What is the significance of this finding? For starters, the short and the long isoforms have different functions. “The short form sits presynaptically, so it is an autoinhibitory receptor—the more dopamine there is, the more autoinhibition you get. The long form sits post-synaptically and has very different functions, may even be facilitating or potentiating D1 receptors. We are not quite sure yet,” said Sadee in an interview with SRF. He explained that if you increase the long-to-short ratio, then you would predict greater dopaminergic activation. In fact, that is exactly what the researchers found. In collaboration with Alessandro Bertolino’s group at the University of Bari, they imaged the brain of healthy humans tackling a test that relies heavily on working memory (the N-Back task) and found that there is much greater activation in specific regions of the brain (for example, the caudate, left middle frontal gyrus, left precentral gyrus, left anterior cingulate, left thalamus) in volunteers carrying one of the minor alleles. “These results suggest that intronic SNP17 and -19 robustly modulate activity of the working memory network, especially striatal firing,” write the authors. They also found that heterozygotes have reduced working memory performance when challenged with tasks that require a high level of attention (see comment below from Frank).

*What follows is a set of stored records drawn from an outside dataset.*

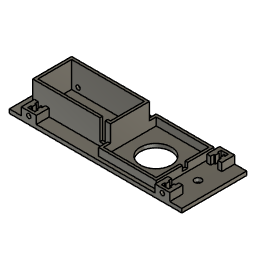
Cont Mtr Lower Case v1 (Autodesk Fusion 360 design; units mm, degrees)
Autodesk Fusion 360 part; units mm, degrees
sketch "Sketch1" plane through (0, 0, 0) normal (0, 0, 1) x (1, 0, 0)
  line L0 (0, 0) -> (60, 0)
  line L1 (60, 0) -> (60, 30)
  line L2 (60, 30) -> (0, 30)
  line L3 (0, 30) -> (0, 0)
  dimension "d1" = 60
  dimension "d2" = 30
  constraint horizontal L0
  constraint vertical L1
  constraint horizontal L2
  constraint vertical L3
  constraint coincident L0.start L3.end
  measures "d1" distance of L0.start L0.end
  measures "d2" distance of L0.start L2.end
extrude "Extrude1" add sketch "Sketch1" along normal blind 22
sketch "Sketch2" plane through (0, 0, 22) normal (0, 0, 1) x (-1, 0, 0)
  line L0 (0, -30) -> (0, 0)
  line L1 (0, 0) -> (-60, 0)
  line L2 (-60, 0) -> (-60, -30)
  line L3 (-60, -30) -> (0, -30)
  line L4 (-2, -28) -> (-58, -28)
  line L5 (-58, -28) -> (-58, -2)
  line L6 (-58, -2) -> (-2, -2)
  line L7 (-2, -2) -> (-2, -28)
  dimension "d5" = 56
  dimension "d6" = 26
  dimension "d7" = 2
  dimension "d8" = 2
  constraint horizontal L4
  constraint vertical L5
  constraint horizontal L6
  constraint vertical L7
  measures "d5" distance of L4.start L4.end
  measures "d6" distance of L4.start L6.end
  measures "d7" distance of L3 L4
  measures "d8" distance of L0 L7
extrude "Extrude2" cut sketch "Sketch2" against normal blind 20 contours L4 L5 L6 L7
sketch "Sketch3" plane through (0, 0, 0) normal (0, -1, 0) x (1, 0, 0)
  line L0 (0, 0) -> (60, 0)
  line L1 (60, 0) -> (60, 22)
  line L2 (60, 22) -> (0, 22)
  line L3 (0, 22) -> (0, 0)
  line L4 (0, 0) -> (60, 0)
  line L5 (60, 0) -> (60, 3)
  line L6 (60, 3) -> (0, 3)
  line L7 (0, 3) -> (0, 0)
  dimension "d11" = 60
  dimension "d12" = 3
  constraint horizontal L4
  constraint vertical L5
  constraint horizontal L6
  constraint vertical L7
  constraint coincident L0.start L3.end
  measures "d11" distance of L0.start L0.end
  measures "d12" distance of L0.start L6.end
extrude "Extrude3" add sketch "Sketch3" along normal blind 8 contours L0 L1 L3 L4 L5 L6 L7
sketch "Sketch4" plane through (0, 30, 0) normal (0, 1, 0) x (-1, 0, 0)
  line L0 (-60, 0) -> (0, 0)
  line L1 (0, 0) -> (0, 22)
  line L2 (0, 22) -> (-60, 22)
  line L3 (-60, 22) -> (-60, 0)
  line L4 (-60, 0) -> (0, 0)
  line L5 (0, 0) -> (0, 3)
  line L6 (0, 3) -> (-60, 3)
  line L7 (-60, 3) -> (-60, 0)
  dimension "d15" = 3
  constraint horizontal L4
  constraint vertical L5
  constraint horizontal L6
  constraint vertical L7
  constraint coincident L0.start L3.end
  measures "d15" distance of L0.start L6.end
extrude "Extrude4" add sketch "Sketch4" along normal blind 8 contours L0 L1 L3 L4 L5 L6 L7
sketch "Sketch5" plane through (60, 0, 0) normal (1, 0, 0) x (0, 1, 0)
  line L0 (-8, 0) -> (38, 0)
  line L1 (38, 0) -> (38, 3)
  line L2 (38, 3) -> (30, 3)
  line L3 (30, 3) -> (30, 22)
  line L4 (30, 22) -> (0, 22)
  line L5 (0, 22) -> (0, 3)
  line L6 (0, 3) -> (-8, 3)
  line L7 (-8, 3) -> (-8, 0)
  line L8 (-8, 3) -> (38, 3)
  line L9 (38, 3) -> (38, 0)
  line L10 (38, 0) -> (-8, 0)
  line L11 (-8, 0) -> (-8, 3)
  constraint horizontal L8
  constraint vertical L9
  constraint horizontal L10
  constraint vertical L11
  constraint coincident L0.end L1.start
  constraint coincident L6.end L7.start
extrude "Extrude5" add sketch "Sketch5" along normal blind 50 contours L0 L1 L2 L6 L7 L8 L9 L10 L11
sketch "Sketch6" plane through (0, 0, 0) normal (-1, 0, 0) x (0, -1, 0)
  line L0 (-38, 0) -> (8, 0)
  line L1 (8, 0) -> (8, 3)
  line L2 (8, 3) -> (0, 3)
  line L3 (0, 3) -> (0, 22)
  line L4 (0, 22) -> (-30, 22)
  line L5 (-30, 22) -> (-30, 3)
  line L6 (-30, 3) -> (-38, 3)
  line L7 (-38, 3) -> (-38, 0)
  line L8 (-38, 3) -> (8, 3)
  line L9 (8, 3) -> (8, 0)
  line L10 (8, 0) -> (-38, 0)
  line L11 (-38, 0) -> (-38, 3)
  constraint horizontal L8
  constraint vertical L9
  constraint horizontal L10
  constraint vertical L11
  constraint coincident L0.end L1.start
  constraint coincident L6.end L7.start
extrude "Extrude6" add sketch "Sketch6" along normal blind 8 contours L0 L1 L2 L6 L7 L8 L9 L10 L11
sketch "Sketch7" plane through (0, 0, 3) normal (0, 0, 1) x (-1, 0, 0)
  line L0 (8, 8) -> (-110, 8)
  line L1 (-110, 8) -> (-110, -38)
  line L2 (-110, -38) -> (8, -38)
  line L3 (8, -38) -> (8, 8)
  line L4 (0, 0) -> (0, -30)
  line L5 (0, -30) -> (-60, -30)
  line L6 (-60, -30) -> (-60, 0)
  line L7 (-60, 0) -> (0, 0)
  line L8 (-60.1, -35.15) -> (-100.4, -35.15) construction
  line L9 (-100.4, -35.15) -> (-100.4, 5.15) construction
  line L10 (-100.4, 5.15) -> (-60.1, 5.15) construction
  line L11 (-60.1, 5.15) -> (-60.1, -35.15) construction
  line L12 (-60, -15) -> (-127.1, -15) construction
  line L13 (-100.5, -35.25) -> (-60, -35.25)
  line L14 (-60, -35.25) -> (-60, 5.25)
  line L15 (-60, 5.25) -> (-100.5, 5.25)
  line L16 (-100.5, 5.25) -> (-100.5, -35.25)
  line L17 (-58, -37.25) -> (-58, 7.25)
  line L18 (-58, 7.25) -> (-102.5, 7.25)
  line L19 (-102.5, 7.25) -> (-102.5, -37.25)
  line L20 (-102.5, -37.25) -> (-58, -37.25)
  dimension "d22" = 40.3
  dimension "d23" = 40.3
  dimension "d24" = 20.15
  dimension "d25" = 0.1
  dimension "d31" = 40.5
  dimension "d32" = 40.5
  dimension "d33" = 68
  dimension "d34" = 20.25
  dimension "d35" = 2
  constraint horizontal L8
  constraint vertical L9
  constraint horizontal L10
  constraint vertical L11
  constraint midpoint L6 L12.start
  constraint perpendicular L1 L12
  constraint horizontal L13
  constraint vertical L14
  constraint horizontal L15
  constraint vertical L16
  measures "d22" distance of L8.start L8.end
  measures "d23" distance of L8.start L10.end
  measures "d24" distance of L8 L12
  measures "d25" distance of L6 L11
  measures "d31" distance of L13.start L13.end
  measures "d32" distance of L13.start L15.end
  measures "d33" distance of L3 L14
  measures "d34" distance of L12 L13
move_face "OffsetFaces1" offset 2 1 faces at (70.6667, 38, 2)
extrude "Extrude7" add 1 faces at (31.3333, -8, 2) along direction (0, -1, 0) blind 2
extrude "Extrude8" add 1 faces at (110, 23.3333, 1) along direction (1, 0, 0) blind 15
extrude "Extrude9" add sketch "Sketch7" along normal blind 6 contours L5 L7 L13 L14 L15 L16 L17 L18 L19 L20
sketch "Sketch9" plane through (0, 0, 3) normal (0, 0, 1) x (-1, 0, 0)
  line L0 (-60, -35.25) -> (-60, 5.25)
  line L1 (-60, 5.25) -> (-100.5, 5.25)
  line L2 (-100.5, 5.25) -> (-100.5, -35.25)
  line L3 (-100.5, -35.25) -> (-60, -35.25)
  circle A0 centre (-80, -15) radius 12
  dimension "d38" = 24
  measures "d38" diameter of A0
extrude "Extrude10" cut sketch "Sketch9" against normal blind 12 contours A0
sketch "Sketch10" plane through (0, 0, 9) normal (0, 0, 1) x (-1, 0, 0)
  line L0 (-60, 0) -> (-58, 0)
  line L1 (-58, 0) -> (-58, 7.25)
  line L2 (-58, 7.25) -> (-102.5, 7.25)
  line L3 (-102.5, 7.25) -> (-102.5, -37.25)
  line L4 (-102.5, -37.25) -> (-58, -37.25)
  line L5 (-58, -37.25) -> (-58, -30)
  line L6 (-58, -30) -> (-60, -30)
  line L7 (-60, -30) -> (-60, -35.25)
  line L8 (-60, -35.25) -> (-100.5, -35.25)
  line L9 (-100.5, -35.25) -> (-100.5, 5.25)
  line L10 (-100.5, 5.25) -> (-60, 5.25)
  line L11 (-60, 5.25) -> (-60, 0)
  line L12 (-100.5, -16.9697) -> (-102.5, -16.9697)
  line L13 (-102.5, -16.9697) -> (-102.5, -12.9697)
  line L14 (-102.5, -12.9697) -> (-100.5, -12.9697)
  line L15 (-100.5, -12.9697) -> (-100.5, -16.9697)
  line L16 (-110, -14.9697) -> (-85, -14.9697) construction
  dimension "d41" = 2
  dimension "d42" = 4
  dimension "d43" = 2
  constraint horizontal L12
  constraint vertical L13
  constraint horizontal L14
  constraint vertical L15
  constraint coincident L9 L12.start
  constraint perpendicular L9 L16
  measures "d41" distance of L12.start L12.end
  measures "d42" distance of L12.start L14.end
  measures "d43" distance of L12 L16
extrude "Extrude11" cut sketch "Sketch10" against normal blind 4 contours L3 L9 L12 L13 L14 L15
sketch "Sketch11" plane through (0, 0, 22) normal (0, 0, 1) x (-1, 0, 0)
  line L0 (-58, -28) -> (-58, -2)
  line L1 (-58, -2) -> (-2, -2)
  line L2 (-2, -2) -> (-2, -28)
  line L3 (-2, -28) -> (-58, -28)
  line L4 (0, -30) -> (0, 0)
  line L5 (0, 0) -> (-60, 0)
  line L6 (-60, 0) -> (-60, -30)
  line L7 (-60, -30) -> (0, -30)
  line L8 (-55.8802, -2) -> (-51.8802, -2)
  line L9 (-51.8802, -2) -> (-51.8802, 0)
  line L10 (-51.8802, 0) -> (-55.8802, 0)
  line L11 (-55.8802, 0) -> (-55.8802, -2)
  dimension "d46" = 4
  constraint horizontal L8
  constraint vertical L9
  constraint horizontal L10
  constraint vertical L11
  constraint coincident L1 L8.start
  measures "d46" distance of L8.start L8.end
extrude "Extrude12" cut sketch "Sketch11" against normal blind 16 contours L1 L5 L8 L9 L10 L11
sketch "Sketch12" plane through (0, 0, 3) normal (0, 0, 1) x (-1, 0, 0)
  line L0 (-58, -30) -> (-58, -37.25)
  line L1 (-58, -37.25) -> (-102.5, -37.25)
  line L2 (-102.5, -37.25) -> (-102.5, 7.25)
  line L3 (-102.5, 7.25) -> (-58, 7.25)
  line L4 (-58, 7.25) -> (-58, 0)
  line L5 (-58, 0) -> (0, 0)
  line L6 (0, 0) -> (0, -30)
  line L7 (0, -30) -> (-58, -30)
  line L8 (-125, -40) -> (8, -40)
  line L9 (8, -40) -> (8, 10)
  line L10 (8, 10) -> (-125, 10)
  line L11 (-125, 10) -> (-125, -40)
  line L12 (-7, -44) -> (-7, 24) construction
  line L13 (-110, -45) -> (-110, 22) construction
  line L14 (-1.25, -30) -> (-1.25, -40)
  line L15 (-1.25, -40) -> (-12.75, -40)
  line L16 (-12.75, -40) -> (-12.75, -30)
  line L17 (-12.75, -30) -> (-9.75, -30)
  line L18 (-9.75, -38) -> (-4.25, -38)
  line L19 (-4.25, -38) -> (-4.25, -30)
  line L20 (-1.25, -30) -> (-4.25, -30)
  line L21 (-9.75, -38) -> (-9.75, -30)
  line L22 (-28.0187, -15) -> (31, -15) construction
  line L23 (-12.75, 0) -> (-9.75, 0)
  line L24 (-12.75, 10) -> (-12.75, 0)
  line L25 (-9.75, 8) -> (-9.75, 0)
  line L26 (-9.75, 8) -> (-4.25, 8)
  line L27 (-4.25, 8) -> (-4.25, 0)
  line L28 (-1.25, 0) -> (-4.25, 0)
  line L29 (-1.25, 0) -> (-1.25, 10)
  line L30 (-1.25, 10) -> (-12.75, 10)
  line L31 (-58.5, 15) -> (-58.5, -52) construction
  line L32 (-104.25, 10) -> (-104.25, 0)
  line L33 (-115.75, 10) -> (-104.25, 10)
  line L34 (-107.25, 8) -> (-112.75, 8)
  line L35 (-107.25, 8) -> (-107.25, 0)
  line L36 (-112.75, 8) -> (-112.75, 0)
  line L37 (-115.75, 0) -> (-115.75, 10)
  line L38 (-115.75, 0) -> (-112.75, 0)
  line L39 (-104.25, 0) -> (-107.25, 0)
  line L40 (-104.25, -30) -> (-107.25, -30)
  line L41 (-107.25, -38) -> (-107.25, -30)
  line L42 (-112.75, -38) -> (-112.75, -30)
  line L43 (-115.75, -30) -> (-112.75, -30)
  line L44 (-115.75, -30) -> (-115.75, -40)
  line L45 (-107.25, -38) -> (-112.75, -38)
  line L46 (-115.75, -40) -> (-104.25, -40)
  line L47 (-104.25, -40) -> (-104.25, -30)
  dimension "d49" = 15
  dimension "d50" = 15
  dimension "d51" = 2.75
  dimension "d52" = 2.75
  dimension "d53" = 3
  dimension "d54" = 3
  dimension "d55" = 2
  dimension "d56" = 66.5
  constraint perpendicular L10 L12
  constraint perpendicular L10 L13
  constraint coincident L7 L14.start
  constraint coincident L8 L14.end
  constraint perpendicular L8 L14
  constraint coincident L8 L15.end
  constraint perpendicular L12 L15
  constraint coincident L7 L16.end
  constraint perpendicular L7 L16
  constraint coincident L7 L17.end
  constraint perpendicular L12 L18
  constraint coincident L7 L19.end
  constraint perpendicular L7 L19
  constraint perpendicular L7 L21
  constraint perpendicular L9 L22
  constraint symmetric L14.start L22 L28.start
  constraint symmetric L14.end L22 L29.end
  constraint symmetric L15.end L22 L24.start
  constraint symmetric L16.end L22 L23.start
  constraint symmetric L17.end L22 L23.end
  constraint symmetric L18.start L22 L25.start
  constraint symmetric L18.end L22 L26.end
  constraint symmetric L19.end L22 L27.end
  constraint vertical L31
  constraint symmetric L14.start L31 L43.start
  constraint symmetric L14.end L31 L44.end
  constraint symmetric L15.end L31 L46.end
  constraint symmetric L16.end L31 L40.start
  constraint symmetric L17.end L31 L40.end
  constraint symmetric L18.start L31 L41.start
  constraint symmetric L18.end L31 L42.start
  constraint symmetric L19.end L31 L42.end
  constraint symmetric L23.start L31 L32.end
  constraint symmetric L23.end L31 L35.end
  constraint symmetric L24.start L31 L32.start
  constraint symmetric L25.start L31 L34.start
  constraint symmetric L26.end L31 L34.end
  constraint symmetric L27.end L31 L36.end
  constraint symmetric L28.start L31 L37.start
  constraint symmetric L29.end L31 L33.start
  measures "d49" distance of L9 L12
  measures "d50" distance of L11 L13
  measures "d51" distance of L12 L19
  measures "d52" distance of L12 L21
  measures "d53" distance of L16 L21
  measures "d54" distance of L14 L19
  measures "d55" distance of L15 L18
  measures "d56" distance of L11 L31
extrude "Extrude13" add sketch "Sketch12" along normal blind 6 contours L7 L8 L14 L15 L16 L17 L18 L19 L20 L21 | L8 L40 L41 L42 L43 L44 L45 L46 L47 | L5 L10 L23 L24 L25 L26 L27 L28 L29 L30 | L10 L32 L33 L34 L35 L36 L37 L38 L39
sketch "Sketch13" plane through (0, -10, 0) normal (0, -1, 0) x (1, 0, 0)
  line L0 (-8, 0) -> (125, 0)
  line L1 (125, 0) -> (125, 3)
  line L2 (125, 3) -> (115.75, 3)
  line L3 (115.75, 3) -> (115.75, 9)
  line L4 (115.75, 9) -> (104.25, 9)
  line L5 (104.25, 9) -> (104.25, 3)
  line L6 (104.25, 3) -> (12.75, 3)
  line L7 (12.75, 3) -> (12.75, 9)
  line L8 (12.75, 9) -> (1.25, 9)
  line L9 (1.25, 9) -> (1.25, 3)
  line L10 (1.25, 3) -> (-8, 3)
  line L11 (-8, 3) -> (-8, 0)
  line L12 (104.25, 3) -> (115.75, 3) construction
  line L13 (103, 8.5) -> (117.6026, 8.5) construction
  line L14 (104.25, 8.5) -> (115.75, 3) construction
  line L15 (115.75, 8.5) -> (104.25, 3) construction
  line L16 (1.25, 3) -> (12.75, 3) construction
  line L17 (-3, 8.5) -> (20, 8.5) construction
  line L18 (1.25, 8.5) -> (12.75, 3) construction
  line L19 (12.75, 8.5) -> (1.25, 3) construction
  point P0 (110, 5.75)
  point P1 (7, 5.75)
  dimension "d59" = 5.5
  dimension "d60" = 5.5
  constraint coincident L5.end L6.start
  constraint coincident L2.end L3.start
  constraint perpendicular L3 L13
  constraint coincident L5 L14.start
  constraint coincident L13 L14.start
  constraint coincident L3 L15.start
  constraint coincident L13 L15.start
  constraint midpoint L15 P0
  constraint coincident L9.end L10.start
  constraint coincident L6.end L7.start
  constraint perpendicular L7 L17
  constraint coincident L9 L18.start
  constraint coincident L17 L18.start
  constraint coincident L7 L19.start
  constraint coincident L17 L19.start
  constraint midpoint L19 P1
  measures "d59" distance of L12 L13
  measures "d60" distance of L16 L17
hole "Hole1" at (7, -10, 5.75) at (110, -10, 5.75) direction (0, 1, 0) diameter 3.3 depth 100 tip angle 118
sketch "Sketch14" plane through (0, 0, 3) normal (0, 0, 1) x (-1, 0, 0)
  line L0 (-9.75, -30) -> (-9.75, -38)
  line L1 (-9.75, -38) -> (-4.25, -38)
  line L2 (-4.25, -38) -> (-4.25, -30)
  line L3 (-4.25, -30) -> (-9.75, -30)
  line L4 (-4.25, -35.5) -> (-9.75, -35.5)
  line L5 (-9.75, -35.5) -> (-9.75, -32.5)
  line L6 (-9.75, -32.5) -> (-4.25, -32.5)
  line L7 (-4.25, -32.5) -> (-4.25, -35.5)
  dimension "d64" = 3
  dimension "d65" = 2.5
  constraint horizontal L4
  constraint vertical L5
  constraint horizontal L6
  constraint vertical L7
  constraint coincident L2 L4.start
  measures "d64" distance of L4.start L6.end
  measures "d65" distance of L1 L4
extrude "Extrude14" add sketch "Sketch14" along normal blind 6 contours L0 L2 L4 L5 L6 L7
sketch "Sketch15" plane through (0, 0, 9) normal (0, 0, 1) x (-1, 0, 0)
  line L0 (-4.25, -35.5) -> (-4.25, -38)
  line L1 (-4.25, -38) -> (-9.75, -38)
  line L2 (-9.75, -38) -> (-9.75, -35.5)
  line L3 (-9.75, -35.5) -> (-4.25, -35.5)
  line L4 (-4.25, -32.5) -> (-9.75, -32.5)
  line L5 (-9.75, -32.5) -> (-9.75, -30)
  line L6 (-9.75, -30) -> (-12.75, -30)
  line L7 (-12.75, -30) -> (-12.75, -40)
  line L8 (-12.75, -40) -> (-1.25, -40)
  line L9 (-1.25, -40) -> (-1.25, -30)
  line L10 (-1.25, -30) -> (-4.25, -30)
  line L11 (-4.25, -30) -> (-4.25, -32.5)
  line L12 (-7, -25.2955) -> (-7, -46) construction
  line L13 (-5.3, -35.5) -> (-8.7, -35.5)
  line L14 (-8.7, -35.5) -> (-8.7, -32.5)
  line L15 (-8.7, -32.5) -> (-5.3, -32.5)
  line L16 (-5.3, -32.5) -> (-5.3, -35.5)
  dimension "d68" = 3.4
  dimension "d69" = 1.7
  dimension "d70" = 5.75
  constraint perpendicular L8 L12
  constraint horizontal L13
  constraint vertical L14
  constraint horizontal L15
  constraint vertical L16
  constraint coincident L3 L13.start
  measures "d68" distance of L13.start L13.end
  measures "d69" distance of L12 L14
  measures "d70" distance of L9 L12
extrude "Extrude15" cut sketch "Sketch15" against normal blind 6 contours L3 L4 L13 L14 L15 L16
sketch "Sketch16" plane through (0, 0, 3) normal (0, 0, 1) x (-1, 0, 0)
  line L0 (-9.75, 8) -> (-9.75, 0)
  line L1 (-9.75, 0) -> (-4.25, 0)
  line L2 (-4.25, 0) -> (-4.25, 8)
  line L3 (-4.25, 8) -> (-9.75, 8)
  line L4 (-7, 2) -> (-7, 16) construction
  line L5 (-1.25, 0) -> (-1.25, 10) construction
  line L6 (-4.25, 2.5) -> (-9.75, 2.5)
  line L7 (-9.75, 2.5) -> (-9.75, 5.5)
  line L8 (-9.75, 5.5) -> (-4.25, 5.5)
  line L9 (-4.25, 5.5) -> (-4.25, 2.5)
  dimension "d73" = 5.75
  dimension "d74" = 3
  dimension "d75" = 2.5
  constraint perpendicular L3 L4
  constraint horizontal L6
  constraint vertical L7
  constraint horizontal L8
  constraint vertical L9
  constraint coincident L2 L6.start
  measures "d73" distance of L4 L5
  measures "d74" distance of L6.start L8.end
  measures "d75" distance of L3 L8
extrude "Extrude16" add sketch "Sketch16" along normal blind 6 contours L0 L2 L6 L7 L8 L9
sketch "Sketch17" plane through (0, 0, 9) normal (0, 0, 1) x (-1, 0, 0)
  line L0 (-4.25, 2.5) -> (-4.25, 0)
  line L1 (-4.25, 0) -> (-1.25, 0)
  line L2 (-1.25, 0) -> (-1.25, 10)
  line L3 (-1.25, 10) -> (-12.75, 10)
  line L4 (-12.75, 10) -> (-12.75, 0)
  line L5 (-12.75, 0) -> (-9.75, 0)
  line L6 (-9.75, 0) -> (-9.75, 2.5)
  line L7 (-9.75, 2.5) -> (-4.25, 2.5)
  line L8 (-4.25, 5.5) -> (-9.75, 5.5)
  line L9 (-9.75, 5.5) -> (-9.75, 8)
  line L10 (-9.75, 8) -> (-4.25, 8)
  line L11 (-4.25, 8) -> (-4.25, 5.5)
  line L12 (-7, 1) -> (-7, 15) construction
  line L13 (-5.3, 2.5) -> (-8.7, 2.5)
  line L14 (-8.7, 2.5) -> (-8.7, 5.5)
  line L15 (-8.7, 5.5) -> (-5.3, 5.5)
  line L16 (-5.3, 5.5) -> (-5.3, 2.5)
  dimension "d78" = 5.75
  dimension "d79" = 3.4
  dimension "d80" = 1.7
  constraint perpendicular L7 L12
  constraint horizontal L13
  constraint vertical L14
  constraint horizontal L15
  constraint vertical L16
  constraint coincident L7 L13.start
  measures "d78" distance of L2 L12
  measures "d79" distance of L13.start L13.end
  measures "d80" distance of L12 L14
extrude "Extrude17" cut sketch "Sketch17" against normal blind 6 contours L7 L8 L13 L14 L15 L16
sketch "Sketch18" plane through (0, 0, 3) normal (0, 0, 1) x (-1, 0, 0)
  line L0 (-12.75, -40) -> (-12.75, -30)
  line L1 (-12.75, -30) -> (-58, -30)
  line L2 (-58, -30) -> (-58, -37.25)
  line L3 (-58, -37.25) -> (-102.5, -37.25)
  line L4 (-102.5, -37.25) -> (-102.5, 7.25)
  line L5 (-102.5, 7.25) -> (-58, 7.25)
  line L6 (-58, 7.25) -> (-58, 0)
  line L7 (-58, 0) -> (-12.75, 0)
  line L8 (-12.75, 0) -> (-12.75, 10)
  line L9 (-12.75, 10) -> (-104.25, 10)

The findings may also offer a mechanistic explanation for prior genetic association studies. Sadee and colleagues found that SNP17 and -19 are in linkage disequilibrium, or co-inherited, with the TaqI-A polymorphism that has been associated with schizophrenia in prior studies (see SchizophreniaGene DRD2 entry, and select Taq1-A from the polymorphisms dropdown menu). That polymorphism sits downstream of the gene, and previous evidence suggests that the polymorphism leads to increased D2 receptor density (for discussion, see recent paper by Klein et al., 2007, which finds that Taq1-A polymorphisms affect learning in normal subjects). This new data by Zhang and colleagues suggests that the TaqI-A polymorphism is simply a marker for the DRD2 intronic SNPs. This speaks to the growing trend of using genomewide association (GWA) studies that rely on SNPs identified by the human HapMap project, according to Sadee. “Even full linkage studies with the 500,000 or so SNPs that are being selected for haplotype analysis would systematically miss our three SNPs,” said Sadee, adding that going forward with clinical association studies with SNPs that are only markers is less than ideal. “I think GWA studies are exciting, but we also need to acknowledge that in nearly all cases where one finds a significant association, the OR (odds ratio) is around 1.5 at best. This has led to the conclusion that in most cases for polygenic complex disorders, multiple genes each contribute just a little. That may well be, and the GWA studies are extremely important for revealing novel pathways, but for clinical utility, as biomarkers, for example, one would like to begin with ORs of 3. That's what we are shooting for and beginning to find in some cases,” he said. Sadee plans to continue to look at the most commonly studied genes, applying his technique to look for functional polymorphisms. He said he also plans to test how these three SNPs are related to schizophrenia, addiction, and other brain disorders.—Tom Fagan.
Zhang Y, Bertolino A, Fazio L, Blasi G, Rampino A, Romano R, Lee M-LT, Xiao T, Papp A, Wang D, Sadee W. Polymorphisms in human dopamine D2 receptor gene affect gene expression, splicing, and neuronal activity during working memory. Proc Natl Acad Sci U S A. 2007 Dec 18;104(51):20552-7. Epub 2007 Dec 11.